The following pictures were taken along the path that goes from the fuel dock to the little provisioning store where we went to get some more sun block lotion—my goodness we really go through the sun block!  Anyway, the path was lovely with lots of bougainvillea, etc.   And, there was a nice shady stone arch built to keep the bench sitters cool.

And for our desert friends and relatives, here are some prickly plants that might look familiar to you.

So, off we go sailing down the Sir Francis Drake Channel.  What a glorious, beautiful sail it was!  This is just exactly what we signed up for—deep blue water, 12 to 18 knots of wind, lots of sails, and a warm sunny day!  As we sailed south along the Channel this is what we saw—Beef Island off in the distance and the Dog Islands off to the side.

Then we headed west so we could sail north of Beef Island and Tortola (have you got your map out?).  There are lots of things to see along this route.  We sailed right past the end of the Beef Island Airport runway and the little mooring field of sailboats at Trellis Bay.  When we flew in on Monday, it seemed that our little plane was coming awfully close to those sailboats tucked in there near the runway.  Here’s a picture of Marina Quay which is just off the southern tip of Scrub Island.  Right in front of Marina Cay is a huge reef that is called Mother Turtle Reef.  It is the light blue water right in front of the red roofed marina buildings.

Next we took down our sails and motored north between Great Camanoe and Little Camanoe Islands.  The first picture below is the channel and the second is a little blow hole in the wall of the channel.

Here’s the view of Guana Sound as we raise the sails and continue to head west.

At the southern tip of Guana Island is a great snorkeling spot maintained by the BVI National Park: Monkey Point.  The first picture below shows Monkey Point from the outside looking in.  The second one is from the inside looking out. 
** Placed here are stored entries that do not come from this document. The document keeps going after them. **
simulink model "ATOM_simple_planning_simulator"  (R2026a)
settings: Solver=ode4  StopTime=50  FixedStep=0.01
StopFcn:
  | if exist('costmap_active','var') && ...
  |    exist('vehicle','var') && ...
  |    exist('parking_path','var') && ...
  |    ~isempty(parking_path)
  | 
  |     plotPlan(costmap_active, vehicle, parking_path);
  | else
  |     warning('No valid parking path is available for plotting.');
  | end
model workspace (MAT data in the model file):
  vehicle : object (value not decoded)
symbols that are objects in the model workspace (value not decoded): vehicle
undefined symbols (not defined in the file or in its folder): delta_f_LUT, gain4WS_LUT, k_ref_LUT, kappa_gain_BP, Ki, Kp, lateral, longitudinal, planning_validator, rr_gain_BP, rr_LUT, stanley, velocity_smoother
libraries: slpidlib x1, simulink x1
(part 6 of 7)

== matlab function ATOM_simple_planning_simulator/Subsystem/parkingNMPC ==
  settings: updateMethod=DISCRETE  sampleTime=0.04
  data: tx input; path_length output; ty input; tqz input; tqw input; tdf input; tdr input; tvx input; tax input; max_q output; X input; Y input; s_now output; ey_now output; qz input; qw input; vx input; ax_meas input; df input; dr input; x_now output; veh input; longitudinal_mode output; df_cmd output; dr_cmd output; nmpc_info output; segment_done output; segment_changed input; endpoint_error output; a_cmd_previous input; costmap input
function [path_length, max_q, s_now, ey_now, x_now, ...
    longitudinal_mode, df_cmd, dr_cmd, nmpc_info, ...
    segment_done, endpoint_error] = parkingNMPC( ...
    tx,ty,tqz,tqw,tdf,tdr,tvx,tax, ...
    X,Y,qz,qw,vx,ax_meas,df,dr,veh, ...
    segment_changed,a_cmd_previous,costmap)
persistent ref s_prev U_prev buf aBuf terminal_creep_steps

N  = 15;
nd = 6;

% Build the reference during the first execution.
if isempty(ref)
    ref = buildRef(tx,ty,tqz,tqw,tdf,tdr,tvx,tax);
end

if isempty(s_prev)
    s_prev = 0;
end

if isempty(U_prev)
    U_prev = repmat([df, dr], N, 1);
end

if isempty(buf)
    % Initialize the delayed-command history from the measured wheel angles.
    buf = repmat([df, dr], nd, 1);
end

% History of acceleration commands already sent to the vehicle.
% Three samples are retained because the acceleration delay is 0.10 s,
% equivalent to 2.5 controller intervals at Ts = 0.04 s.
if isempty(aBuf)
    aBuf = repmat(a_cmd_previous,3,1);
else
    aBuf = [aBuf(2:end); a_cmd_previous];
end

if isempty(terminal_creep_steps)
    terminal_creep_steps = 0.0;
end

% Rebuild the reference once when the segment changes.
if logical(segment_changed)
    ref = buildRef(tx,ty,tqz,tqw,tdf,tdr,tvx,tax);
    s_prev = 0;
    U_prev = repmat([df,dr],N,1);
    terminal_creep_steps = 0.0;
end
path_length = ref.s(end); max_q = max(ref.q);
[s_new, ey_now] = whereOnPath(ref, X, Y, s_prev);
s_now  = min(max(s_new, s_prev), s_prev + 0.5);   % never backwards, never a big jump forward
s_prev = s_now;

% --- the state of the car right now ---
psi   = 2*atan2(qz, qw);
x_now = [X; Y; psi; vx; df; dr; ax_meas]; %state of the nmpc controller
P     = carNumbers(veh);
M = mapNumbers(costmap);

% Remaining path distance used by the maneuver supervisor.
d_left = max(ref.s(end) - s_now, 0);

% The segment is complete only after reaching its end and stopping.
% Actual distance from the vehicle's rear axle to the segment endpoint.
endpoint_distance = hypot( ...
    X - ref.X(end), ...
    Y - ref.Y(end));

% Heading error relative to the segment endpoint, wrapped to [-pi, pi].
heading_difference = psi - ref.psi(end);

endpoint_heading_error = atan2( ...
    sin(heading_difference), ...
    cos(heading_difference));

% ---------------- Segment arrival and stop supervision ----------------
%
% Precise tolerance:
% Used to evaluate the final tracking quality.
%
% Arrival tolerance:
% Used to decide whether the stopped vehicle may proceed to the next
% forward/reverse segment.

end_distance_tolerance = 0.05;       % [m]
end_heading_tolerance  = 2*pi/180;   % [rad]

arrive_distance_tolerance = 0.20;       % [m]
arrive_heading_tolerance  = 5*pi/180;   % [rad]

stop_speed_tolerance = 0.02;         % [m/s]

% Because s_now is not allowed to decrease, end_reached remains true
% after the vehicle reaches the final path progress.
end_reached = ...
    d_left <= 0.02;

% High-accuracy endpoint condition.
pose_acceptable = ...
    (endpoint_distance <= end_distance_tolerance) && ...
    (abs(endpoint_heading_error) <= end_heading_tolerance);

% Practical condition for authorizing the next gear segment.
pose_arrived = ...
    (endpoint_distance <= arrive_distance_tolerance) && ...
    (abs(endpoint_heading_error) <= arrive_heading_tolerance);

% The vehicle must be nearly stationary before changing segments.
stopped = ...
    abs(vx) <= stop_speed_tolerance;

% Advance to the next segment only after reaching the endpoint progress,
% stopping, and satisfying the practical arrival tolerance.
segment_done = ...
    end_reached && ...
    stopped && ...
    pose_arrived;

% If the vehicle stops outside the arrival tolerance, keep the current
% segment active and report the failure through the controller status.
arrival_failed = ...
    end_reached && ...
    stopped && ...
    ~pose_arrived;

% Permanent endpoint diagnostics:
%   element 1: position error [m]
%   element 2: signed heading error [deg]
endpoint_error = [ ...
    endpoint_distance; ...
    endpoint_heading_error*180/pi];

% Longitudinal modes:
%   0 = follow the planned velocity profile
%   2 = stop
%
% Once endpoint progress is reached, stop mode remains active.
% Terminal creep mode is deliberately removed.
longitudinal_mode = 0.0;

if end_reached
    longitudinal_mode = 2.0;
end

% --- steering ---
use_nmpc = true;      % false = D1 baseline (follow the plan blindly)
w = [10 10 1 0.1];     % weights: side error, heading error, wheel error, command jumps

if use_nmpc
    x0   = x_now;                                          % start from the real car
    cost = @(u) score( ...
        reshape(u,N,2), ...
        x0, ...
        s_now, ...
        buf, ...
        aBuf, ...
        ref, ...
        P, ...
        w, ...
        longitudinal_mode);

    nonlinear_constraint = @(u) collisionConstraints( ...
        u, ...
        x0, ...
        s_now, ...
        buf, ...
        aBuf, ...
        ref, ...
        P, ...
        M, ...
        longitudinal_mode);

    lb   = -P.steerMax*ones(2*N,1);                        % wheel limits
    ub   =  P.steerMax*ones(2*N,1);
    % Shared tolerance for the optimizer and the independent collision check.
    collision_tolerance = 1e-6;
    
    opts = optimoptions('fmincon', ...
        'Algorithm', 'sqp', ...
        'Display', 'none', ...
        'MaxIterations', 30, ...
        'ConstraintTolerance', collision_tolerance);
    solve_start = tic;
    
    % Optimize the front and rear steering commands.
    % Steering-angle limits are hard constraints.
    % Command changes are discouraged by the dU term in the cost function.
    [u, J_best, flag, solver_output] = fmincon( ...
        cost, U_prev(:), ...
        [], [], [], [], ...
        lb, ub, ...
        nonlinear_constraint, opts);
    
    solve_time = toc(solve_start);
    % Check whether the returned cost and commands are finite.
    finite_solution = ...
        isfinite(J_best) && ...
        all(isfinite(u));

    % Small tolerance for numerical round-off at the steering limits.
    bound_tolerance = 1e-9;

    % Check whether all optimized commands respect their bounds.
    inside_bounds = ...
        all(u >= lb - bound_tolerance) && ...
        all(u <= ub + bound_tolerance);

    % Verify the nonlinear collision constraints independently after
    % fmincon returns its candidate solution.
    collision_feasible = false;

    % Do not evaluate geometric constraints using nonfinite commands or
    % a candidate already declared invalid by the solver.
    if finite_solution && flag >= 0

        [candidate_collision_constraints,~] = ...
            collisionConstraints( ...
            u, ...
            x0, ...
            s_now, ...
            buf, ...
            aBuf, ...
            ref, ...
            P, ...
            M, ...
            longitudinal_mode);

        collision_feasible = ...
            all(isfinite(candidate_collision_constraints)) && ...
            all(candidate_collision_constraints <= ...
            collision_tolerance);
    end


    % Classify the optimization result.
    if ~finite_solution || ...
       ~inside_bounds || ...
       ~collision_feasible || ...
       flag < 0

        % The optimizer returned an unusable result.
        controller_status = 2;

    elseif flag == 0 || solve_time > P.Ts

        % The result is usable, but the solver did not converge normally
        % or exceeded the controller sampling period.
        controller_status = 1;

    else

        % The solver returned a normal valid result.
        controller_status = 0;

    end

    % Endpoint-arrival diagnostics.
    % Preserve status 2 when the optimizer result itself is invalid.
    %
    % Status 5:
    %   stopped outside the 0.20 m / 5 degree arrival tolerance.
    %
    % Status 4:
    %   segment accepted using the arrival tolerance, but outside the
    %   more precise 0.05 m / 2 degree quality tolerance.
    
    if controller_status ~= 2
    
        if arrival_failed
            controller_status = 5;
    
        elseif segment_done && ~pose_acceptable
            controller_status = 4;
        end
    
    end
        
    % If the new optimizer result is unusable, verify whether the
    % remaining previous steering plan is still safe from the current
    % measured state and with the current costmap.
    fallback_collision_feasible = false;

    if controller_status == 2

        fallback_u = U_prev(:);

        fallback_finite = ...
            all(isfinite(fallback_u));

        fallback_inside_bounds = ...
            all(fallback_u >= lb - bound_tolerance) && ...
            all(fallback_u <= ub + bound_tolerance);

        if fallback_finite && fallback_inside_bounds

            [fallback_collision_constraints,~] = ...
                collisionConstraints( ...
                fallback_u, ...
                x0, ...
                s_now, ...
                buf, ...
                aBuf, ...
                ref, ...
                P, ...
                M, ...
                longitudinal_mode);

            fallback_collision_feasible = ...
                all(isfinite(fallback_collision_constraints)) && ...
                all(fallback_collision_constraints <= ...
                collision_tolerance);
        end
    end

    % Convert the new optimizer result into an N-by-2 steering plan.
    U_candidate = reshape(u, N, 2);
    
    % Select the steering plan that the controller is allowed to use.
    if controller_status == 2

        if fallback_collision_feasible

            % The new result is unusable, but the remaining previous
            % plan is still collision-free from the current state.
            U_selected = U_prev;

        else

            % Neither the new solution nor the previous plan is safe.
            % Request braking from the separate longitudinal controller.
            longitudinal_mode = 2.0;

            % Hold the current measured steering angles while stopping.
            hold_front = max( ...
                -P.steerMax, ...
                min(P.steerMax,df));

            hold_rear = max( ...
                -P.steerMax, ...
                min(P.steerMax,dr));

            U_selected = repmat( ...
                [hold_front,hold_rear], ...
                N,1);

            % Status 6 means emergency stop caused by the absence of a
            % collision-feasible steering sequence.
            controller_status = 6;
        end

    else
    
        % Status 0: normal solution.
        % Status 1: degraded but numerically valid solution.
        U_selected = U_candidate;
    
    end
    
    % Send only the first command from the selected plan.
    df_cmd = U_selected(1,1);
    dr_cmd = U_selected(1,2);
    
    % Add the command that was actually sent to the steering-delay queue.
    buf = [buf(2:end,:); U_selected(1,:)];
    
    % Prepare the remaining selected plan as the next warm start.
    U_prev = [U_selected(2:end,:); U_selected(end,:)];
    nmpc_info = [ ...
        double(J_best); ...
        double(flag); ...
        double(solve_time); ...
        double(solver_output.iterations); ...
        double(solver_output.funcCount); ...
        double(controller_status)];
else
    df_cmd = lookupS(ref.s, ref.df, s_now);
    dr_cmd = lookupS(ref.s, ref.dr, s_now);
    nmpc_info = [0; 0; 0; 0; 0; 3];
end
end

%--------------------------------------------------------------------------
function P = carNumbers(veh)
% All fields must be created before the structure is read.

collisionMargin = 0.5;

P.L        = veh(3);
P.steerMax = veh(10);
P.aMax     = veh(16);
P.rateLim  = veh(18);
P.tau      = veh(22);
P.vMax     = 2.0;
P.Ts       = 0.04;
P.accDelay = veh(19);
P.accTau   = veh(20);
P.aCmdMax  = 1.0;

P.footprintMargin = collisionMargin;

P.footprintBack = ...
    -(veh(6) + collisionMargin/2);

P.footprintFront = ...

We moored the big boat in the bay and motored over to the reef with the dinghy so we could snorkel.  The water was cool and nice, but a northern surge was making things rolly and stirring up the bottom.  Even though it wasn’t the best visibility, we could see pretty little tropical fish and some handsome yellowtails.  Also, the water was full of little minnow fish that the pelicans apparently love.  As we snorkeled, a huge pelican or two would crash land in the water right beside us.  They didn’t seem to mind that we were there so we got to see close up and personal how they right themselves and shake that pouch full of fish right down their throats.  Sorry we didn’t get a picture of that!

Our plan was to take a mooring on the protected side of Guana Island in White Bay.  We looked at the area and decided that it wasn’t as protected as we had hoped.  It was just a little after noon, so we ate lunch in the cockpit and agreed to a new plan---sail the rest of the day to the far side of Tortola Island—Cane Garden Bay on the west end of Tortola.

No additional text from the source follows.